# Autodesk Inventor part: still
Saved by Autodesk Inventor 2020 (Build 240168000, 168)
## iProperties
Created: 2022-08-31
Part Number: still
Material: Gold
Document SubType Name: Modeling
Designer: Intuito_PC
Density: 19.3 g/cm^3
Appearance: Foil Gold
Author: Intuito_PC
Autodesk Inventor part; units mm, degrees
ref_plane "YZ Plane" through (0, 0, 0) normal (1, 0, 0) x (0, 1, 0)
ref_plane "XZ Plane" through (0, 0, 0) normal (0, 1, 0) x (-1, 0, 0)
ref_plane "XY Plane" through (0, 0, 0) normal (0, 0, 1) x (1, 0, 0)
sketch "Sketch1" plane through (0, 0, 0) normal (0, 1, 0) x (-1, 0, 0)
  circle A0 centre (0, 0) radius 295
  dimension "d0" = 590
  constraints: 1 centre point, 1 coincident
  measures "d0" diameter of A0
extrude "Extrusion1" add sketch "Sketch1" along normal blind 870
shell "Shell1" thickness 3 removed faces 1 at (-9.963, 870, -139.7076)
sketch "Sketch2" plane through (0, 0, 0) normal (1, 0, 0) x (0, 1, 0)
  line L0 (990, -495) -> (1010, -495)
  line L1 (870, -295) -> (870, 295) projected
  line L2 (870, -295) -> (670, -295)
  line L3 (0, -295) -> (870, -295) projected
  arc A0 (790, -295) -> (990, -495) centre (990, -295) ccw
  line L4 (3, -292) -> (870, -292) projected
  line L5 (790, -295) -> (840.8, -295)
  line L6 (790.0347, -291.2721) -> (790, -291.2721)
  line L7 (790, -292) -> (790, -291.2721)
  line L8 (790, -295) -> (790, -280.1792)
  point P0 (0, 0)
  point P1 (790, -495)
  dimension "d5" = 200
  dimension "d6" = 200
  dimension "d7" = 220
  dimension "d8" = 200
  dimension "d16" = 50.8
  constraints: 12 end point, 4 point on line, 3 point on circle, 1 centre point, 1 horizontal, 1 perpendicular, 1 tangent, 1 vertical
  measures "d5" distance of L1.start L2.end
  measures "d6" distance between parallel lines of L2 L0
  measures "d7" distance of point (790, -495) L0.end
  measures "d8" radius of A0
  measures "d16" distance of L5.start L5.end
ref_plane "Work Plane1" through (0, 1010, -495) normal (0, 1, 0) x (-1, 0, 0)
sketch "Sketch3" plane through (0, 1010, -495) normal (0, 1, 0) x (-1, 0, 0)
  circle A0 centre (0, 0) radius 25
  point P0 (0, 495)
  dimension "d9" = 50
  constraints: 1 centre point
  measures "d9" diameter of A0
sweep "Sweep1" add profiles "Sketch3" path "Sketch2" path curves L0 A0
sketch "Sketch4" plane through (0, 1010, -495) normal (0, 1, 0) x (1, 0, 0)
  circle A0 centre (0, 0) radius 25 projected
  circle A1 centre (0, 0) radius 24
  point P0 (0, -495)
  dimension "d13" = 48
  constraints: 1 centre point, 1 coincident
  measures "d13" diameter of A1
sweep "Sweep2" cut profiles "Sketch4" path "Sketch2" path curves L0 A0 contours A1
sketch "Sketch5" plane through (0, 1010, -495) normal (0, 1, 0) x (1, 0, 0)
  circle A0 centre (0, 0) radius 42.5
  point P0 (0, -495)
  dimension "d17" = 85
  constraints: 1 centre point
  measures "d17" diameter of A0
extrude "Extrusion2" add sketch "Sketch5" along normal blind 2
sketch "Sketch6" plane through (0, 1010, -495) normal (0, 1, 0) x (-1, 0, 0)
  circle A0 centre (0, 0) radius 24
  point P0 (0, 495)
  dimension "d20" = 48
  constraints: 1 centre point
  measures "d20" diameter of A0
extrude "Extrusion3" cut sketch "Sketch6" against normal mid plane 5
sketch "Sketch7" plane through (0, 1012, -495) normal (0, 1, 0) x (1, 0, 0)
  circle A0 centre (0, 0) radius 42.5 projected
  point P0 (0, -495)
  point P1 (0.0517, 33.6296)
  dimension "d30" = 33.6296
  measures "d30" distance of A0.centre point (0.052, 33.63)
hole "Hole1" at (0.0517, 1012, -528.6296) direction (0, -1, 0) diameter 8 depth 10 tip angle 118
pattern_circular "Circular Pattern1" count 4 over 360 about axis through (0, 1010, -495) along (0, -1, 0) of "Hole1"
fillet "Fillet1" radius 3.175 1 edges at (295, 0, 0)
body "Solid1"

- - - -

▸ YOUR TASK
Which lines of the records above contain the word "Autodesk"? Copy each of them.

▸ REPLY
# Autodesk Inventor part: still
Saved by Autodesk Inventor 2020 (Build 240168000, 168)
Autodesk Inventor part; units mm, degrees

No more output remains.